Anybody been out since the storm hit? Thinking about going out here soon to start the learning curve on flounder gigging.


----------



## drifterfisher (Oct 9, 2009)

Unless ya can see through mud,ya might need to wait till next weekend,or even the next one. Water is dirty right now. I'll be going sometime soon if ya want to ride with me.


----------



## tips n tails (Mar 2, 2011)

That sounds good Jared. I ll supply the generator and lights.
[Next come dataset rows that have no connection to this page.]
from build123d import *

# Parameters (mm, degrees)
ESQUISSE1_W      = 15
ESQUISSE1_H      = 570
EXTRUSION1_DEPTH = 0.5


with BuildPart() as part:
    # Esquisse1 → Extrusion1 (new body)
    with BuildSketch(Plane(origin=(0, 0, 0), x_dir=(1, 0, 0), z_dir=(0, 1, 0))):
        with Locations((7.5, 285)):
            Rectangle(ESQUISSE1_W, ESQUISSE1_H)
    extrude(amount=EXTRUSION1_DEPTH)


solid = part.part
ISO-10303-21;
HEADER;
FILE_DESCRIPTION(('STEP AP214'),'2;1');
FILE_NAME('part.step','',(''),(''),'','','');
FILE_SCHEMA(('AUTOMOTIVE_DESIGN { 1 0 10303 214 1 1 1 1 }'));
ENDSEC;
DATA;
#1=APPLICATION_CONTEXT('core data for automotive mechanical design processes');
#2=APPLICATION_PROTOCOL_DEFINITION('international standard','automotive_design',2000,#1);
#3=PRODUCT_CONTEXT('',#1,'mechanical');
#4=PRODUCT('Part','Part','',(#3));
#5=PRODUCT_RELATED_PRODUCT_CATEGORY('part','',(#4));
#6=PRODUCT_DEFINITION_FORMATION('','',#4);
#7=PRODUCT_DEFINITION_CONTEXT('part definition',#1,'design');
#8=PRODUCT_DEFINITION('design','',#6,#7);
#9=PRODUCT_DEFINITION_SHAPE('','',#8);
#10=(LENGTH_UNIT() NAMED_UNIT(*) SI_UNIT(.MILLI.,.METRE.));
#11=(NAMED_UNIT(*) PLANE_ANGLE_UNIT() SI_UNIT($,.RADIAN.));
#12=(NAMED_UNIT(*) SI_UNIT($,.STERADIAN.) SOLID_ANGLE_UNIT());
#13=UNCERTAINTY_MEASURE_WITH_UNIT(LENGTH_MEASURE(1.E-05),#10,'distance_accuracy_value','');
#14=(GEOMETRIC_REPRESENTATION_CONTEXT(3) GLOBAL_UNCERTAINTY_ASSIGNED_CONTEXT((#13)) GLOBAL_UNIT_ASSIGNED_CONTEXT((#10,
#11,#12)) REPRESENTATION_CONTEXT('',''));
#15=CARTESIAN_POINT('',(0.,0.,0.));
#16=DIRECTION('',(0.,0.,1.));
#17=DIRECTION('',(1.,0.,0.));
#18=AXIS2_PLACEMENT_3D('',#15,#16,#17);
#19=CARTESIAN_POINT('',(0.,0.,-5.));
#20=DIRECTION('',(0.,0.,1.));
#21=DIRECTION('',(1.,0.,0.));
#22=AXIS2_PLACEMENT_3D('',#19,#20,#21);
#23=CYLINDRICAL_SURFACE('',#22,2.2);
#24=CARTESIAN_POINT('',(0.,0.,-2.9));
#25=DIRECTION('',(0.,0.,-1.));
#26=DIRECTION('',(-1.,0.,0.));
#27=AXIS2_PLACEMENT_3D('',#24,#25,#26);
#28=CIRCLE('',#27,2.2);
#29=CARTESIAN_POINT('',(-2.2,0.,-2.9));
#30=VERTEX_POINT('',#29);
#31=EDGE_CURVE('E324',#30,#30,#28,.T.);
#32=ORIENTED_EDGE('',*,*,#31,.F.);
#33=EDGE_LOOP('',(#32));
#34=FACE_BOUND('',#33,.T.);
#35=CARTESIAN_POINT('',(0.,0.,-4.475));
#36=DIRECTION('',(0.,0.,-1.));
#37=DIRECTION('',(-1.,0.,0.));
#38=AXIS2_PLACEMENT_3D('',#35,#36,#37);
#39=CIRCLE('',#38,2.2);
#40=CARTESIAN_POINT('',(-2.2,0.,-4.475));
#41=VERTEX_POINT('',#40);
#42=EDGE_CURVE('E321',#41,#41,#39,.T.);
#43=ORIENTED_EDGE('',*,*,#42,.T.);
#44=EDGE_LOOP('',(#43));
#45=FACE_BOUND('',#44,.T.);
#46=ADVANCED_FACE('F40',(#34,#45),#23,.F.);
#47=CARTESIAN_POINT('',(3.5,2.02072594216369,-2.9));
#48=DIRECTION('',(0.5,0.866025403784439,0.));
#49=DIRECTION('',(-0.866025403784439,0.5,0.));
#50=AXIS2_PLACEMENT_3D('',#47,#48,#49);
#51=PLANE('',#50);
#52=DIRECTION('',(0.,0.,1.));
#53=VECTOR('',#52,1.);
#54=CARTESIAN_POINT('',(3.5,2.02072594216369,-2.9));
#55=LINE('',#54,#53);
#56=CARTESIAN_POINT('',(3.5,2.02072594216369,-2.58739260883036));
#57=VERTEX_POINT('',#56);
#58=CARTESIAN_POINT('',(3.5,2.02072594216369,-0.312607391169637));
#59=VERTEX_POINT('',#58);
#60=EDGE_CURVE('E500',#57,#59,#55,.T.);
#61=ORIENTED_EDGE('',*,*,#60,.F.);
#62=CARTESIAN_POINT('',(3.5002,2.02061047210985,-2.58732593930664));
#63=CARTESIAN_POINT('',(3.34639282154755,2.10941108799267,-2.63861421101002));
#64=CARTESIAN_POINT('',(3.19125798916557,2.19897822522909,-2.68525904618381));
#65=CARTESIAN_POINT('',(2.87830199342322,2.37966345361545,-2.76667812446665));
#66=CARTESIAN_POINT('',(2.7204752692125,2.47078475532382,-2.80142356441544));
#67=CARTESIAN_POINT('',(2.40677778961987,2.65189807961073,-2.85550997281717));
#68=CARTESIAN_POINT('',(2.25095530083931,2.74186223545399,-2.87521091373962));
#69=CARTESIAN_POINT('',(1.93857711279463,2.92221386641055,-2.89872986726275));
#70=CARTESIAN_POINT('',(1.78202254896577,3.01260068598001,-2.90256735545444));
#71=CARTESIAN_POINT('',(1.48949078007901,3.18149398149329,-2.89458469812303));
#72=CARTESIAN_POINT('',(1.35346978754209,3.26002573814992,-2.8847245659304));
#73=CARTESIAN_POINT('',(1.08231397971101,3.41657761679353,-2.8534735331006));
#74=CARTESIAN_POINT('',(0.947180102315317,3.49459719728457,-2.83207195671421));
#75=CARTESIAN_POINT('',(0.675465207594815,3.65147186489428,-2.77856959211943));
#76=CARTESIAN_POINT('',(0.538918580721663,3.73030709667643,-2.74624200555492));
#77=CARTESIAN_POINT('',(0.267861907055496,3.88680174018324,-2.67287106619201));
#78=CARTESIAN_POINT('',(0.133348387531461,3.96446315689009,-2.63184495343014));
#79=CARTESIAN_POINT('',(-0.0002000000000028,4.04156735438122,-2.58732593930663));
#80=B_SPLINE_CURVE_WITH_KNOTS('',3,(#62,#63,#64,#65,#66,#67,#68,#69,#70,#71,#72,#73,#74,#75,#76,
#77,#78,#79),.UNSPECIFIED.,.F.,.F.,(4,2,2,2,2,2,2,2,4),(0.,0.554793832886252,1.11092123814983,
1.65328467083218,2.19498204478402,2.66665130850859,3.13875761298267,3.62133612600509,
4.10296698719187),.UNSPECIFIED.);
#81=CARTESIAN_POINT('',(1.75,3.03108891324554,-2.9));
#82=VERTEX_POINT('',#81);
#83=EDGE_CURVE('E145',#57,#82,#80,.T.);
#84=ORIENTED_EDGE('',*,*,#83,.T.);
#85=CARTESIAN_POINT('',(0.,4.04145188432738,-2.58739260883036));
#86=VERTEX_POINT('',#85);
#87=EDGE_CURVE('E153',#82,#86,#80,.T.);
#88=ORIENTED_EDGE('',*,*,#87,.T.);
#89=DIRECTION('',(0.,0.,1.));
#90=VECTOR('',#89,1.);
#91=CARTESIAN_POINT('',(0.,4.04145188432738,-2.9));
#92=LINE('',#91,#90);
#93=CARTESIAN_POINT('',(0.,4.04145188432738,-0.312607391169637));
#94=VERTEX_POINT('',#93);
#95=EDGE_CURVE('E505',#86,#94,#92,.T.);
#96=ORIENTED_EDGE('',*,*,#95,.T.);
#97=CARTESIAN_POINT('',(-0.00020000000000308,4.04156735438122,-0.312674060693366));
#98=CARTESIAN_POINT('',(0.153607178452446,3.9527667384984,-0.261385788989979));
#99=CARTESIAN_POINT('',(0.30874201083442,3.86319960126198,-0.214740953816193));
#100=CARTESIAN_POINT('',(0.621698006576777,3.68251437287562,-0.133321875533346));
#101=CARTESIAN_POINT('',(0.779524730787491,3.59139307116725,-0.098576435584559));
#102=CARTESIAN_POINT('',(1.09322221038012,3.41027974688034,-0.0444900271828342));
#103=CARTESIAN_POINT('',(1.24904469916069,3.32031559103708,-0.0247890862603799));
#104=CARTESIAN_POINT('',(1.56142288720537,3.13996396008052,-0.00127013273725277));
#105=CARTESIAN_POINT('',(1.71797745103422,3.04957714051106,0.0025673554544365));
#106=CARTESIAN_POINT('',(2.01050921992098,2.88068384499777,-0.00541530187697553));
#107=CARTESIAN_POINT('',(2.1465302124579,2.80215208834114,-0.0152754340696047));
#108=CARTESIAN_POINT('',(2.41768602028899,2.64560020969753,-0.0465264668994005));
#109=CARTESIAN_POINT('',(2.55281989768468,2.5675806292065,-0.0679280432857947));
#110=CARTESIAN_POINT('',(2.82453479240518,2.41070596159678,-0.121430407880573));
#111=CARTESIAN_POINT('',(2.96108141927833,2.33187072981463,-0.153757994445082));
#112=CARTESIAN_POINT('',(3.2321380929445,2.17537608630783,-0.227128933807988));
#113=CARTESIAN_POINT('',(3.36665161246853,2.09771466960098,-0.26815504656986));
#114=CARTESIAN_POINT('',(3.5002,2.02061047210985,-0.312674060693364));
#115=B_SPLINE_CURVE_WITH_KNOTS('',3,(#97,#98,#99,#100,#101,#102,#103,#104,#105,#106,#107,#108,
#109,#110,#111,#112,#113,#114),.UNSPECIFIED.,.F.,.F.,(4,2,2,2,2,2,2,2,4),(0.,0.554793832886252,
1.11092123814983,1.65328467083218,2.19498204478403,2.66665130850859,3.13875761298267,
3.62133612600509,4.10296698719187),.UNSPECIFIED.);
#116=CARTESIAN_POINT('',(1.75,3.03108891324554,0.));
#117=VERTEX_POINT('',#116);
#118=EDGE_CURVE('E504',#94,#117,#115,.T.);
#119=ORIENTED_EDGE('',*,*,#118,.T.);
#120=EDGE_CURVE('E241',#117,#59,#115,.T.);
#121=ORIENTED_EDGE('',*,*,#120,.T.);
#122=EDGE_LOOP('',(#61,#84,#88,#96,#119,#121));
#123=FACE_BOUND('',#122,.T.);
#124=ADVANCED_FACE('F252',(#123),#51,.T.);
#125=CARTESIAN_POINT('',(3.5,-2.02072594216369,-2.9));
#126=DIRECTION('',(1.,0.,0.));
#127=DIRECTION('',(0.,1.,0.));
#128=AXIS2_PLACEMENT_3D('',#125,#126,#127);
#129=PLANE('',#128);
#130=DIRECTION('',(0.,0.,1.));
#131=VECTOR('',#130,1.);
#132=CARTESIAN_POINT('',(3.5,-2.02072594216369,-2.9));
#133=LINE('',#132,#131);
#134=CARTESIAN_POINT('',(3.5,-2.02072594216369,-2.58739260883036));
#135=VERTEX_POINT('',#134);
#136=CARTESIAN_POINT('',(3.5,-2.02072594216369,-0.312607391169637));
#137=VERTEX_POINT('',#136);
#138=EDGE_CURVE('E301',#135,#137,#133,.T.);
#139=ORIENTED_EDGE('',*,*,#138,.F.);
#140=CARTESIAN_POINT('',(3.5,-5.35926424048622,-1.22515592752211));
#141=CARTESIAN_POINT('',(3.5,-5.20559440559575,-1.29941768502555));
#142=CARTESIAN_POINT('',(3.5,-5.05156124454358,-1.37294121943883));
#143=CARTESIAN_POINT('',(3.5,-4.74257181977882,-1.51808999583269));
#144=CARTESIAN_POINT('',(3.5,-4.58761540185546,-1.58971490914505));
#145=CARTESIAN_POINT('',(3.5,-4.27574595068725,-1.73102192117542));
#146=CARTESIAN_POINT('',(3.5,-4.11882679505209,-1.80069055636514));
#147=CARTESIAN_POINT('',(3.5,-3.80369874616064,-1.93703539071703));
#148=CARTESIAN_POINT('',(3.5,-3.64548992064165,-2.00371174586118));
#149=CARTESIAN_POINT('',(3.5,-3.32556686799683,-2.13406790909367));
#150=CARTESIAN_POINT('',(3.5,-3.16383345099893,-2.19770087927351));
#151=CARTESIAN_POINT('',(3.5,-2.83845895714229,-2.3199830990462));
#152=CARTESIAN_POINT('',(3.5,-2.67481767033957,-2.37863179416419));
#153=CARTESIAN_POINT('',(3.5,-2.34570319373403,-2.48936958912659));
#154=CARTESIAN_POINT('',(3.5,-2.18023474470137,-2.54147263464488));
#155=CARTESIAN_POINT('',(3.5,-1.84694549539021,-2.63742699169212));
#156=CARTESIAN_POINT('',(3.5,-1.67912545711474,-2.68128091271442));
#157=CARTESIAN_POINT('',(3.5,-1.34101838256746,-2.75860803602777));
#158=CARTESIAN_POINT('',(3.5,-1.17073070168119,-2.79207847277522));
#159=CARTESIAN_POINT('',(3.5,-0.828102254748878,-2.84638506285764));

I work this weekend but I'm off the next weekend if you wanna get together and go.


----------



## drifterfisher (Oct 9, 2009)

Sounds good.


----------



## flounderslayerman (Jun 3, 2011)

The water is pretty good close to the passes. I got 15 Sun night.


----------



## drifterfisher (Oct 9, 2009)

Damn you....


----------



## flounderslayerman (Jun 3, 2011)

I'm one of those that just have to check for myself. The water was good but the wind was blowing 15-20. The ripple was bad and we ran over a bunch of fish.


----------



## flounderslayerman (Jun 3, 2011)

You'll find that limit drift just keep it up. Right now close to the passes is where you're going to find flean water.


----------



## drifterfisher (Oct 9, 2009)

Destin pass area was horrible over the weekend. I'm hoping to get to go sunday or monday night. I went to freeport before the storm and there was less than 1 foot of visibility. This was after driving 75 miles and launching the boat and running about 3 miles to the first spot.dropped my lights and turned them on and was thinking to myself I know I charged the batterys,why is it so dim. I might change tactics and come your way,that 100 dollar license is burning a hole in my wallet.


----------



## tips n tails (Mar 2, 2011)

flounderslayerman said:


> The water is pretty good close to the passes. I got 15 Sun night.


15 is pretty damn good. Do you use a generator for your lights?


----------



## flounderslayerman (Jun 3, 2011)

I do run a generator. I have two 500watt halogens for my side lights and a 400watt Mh for my center light.


----------



## tips n tails (Mar 2, 2011)

ok thanks for sharing, do you just run heavy duty extension cords form the 110 outlets on the generator to the lights? or do you have some surge water protector?


----------



## flounderslayerman (Jun 3, 2011)

12gage cords and the generator has gfci outlets.


----------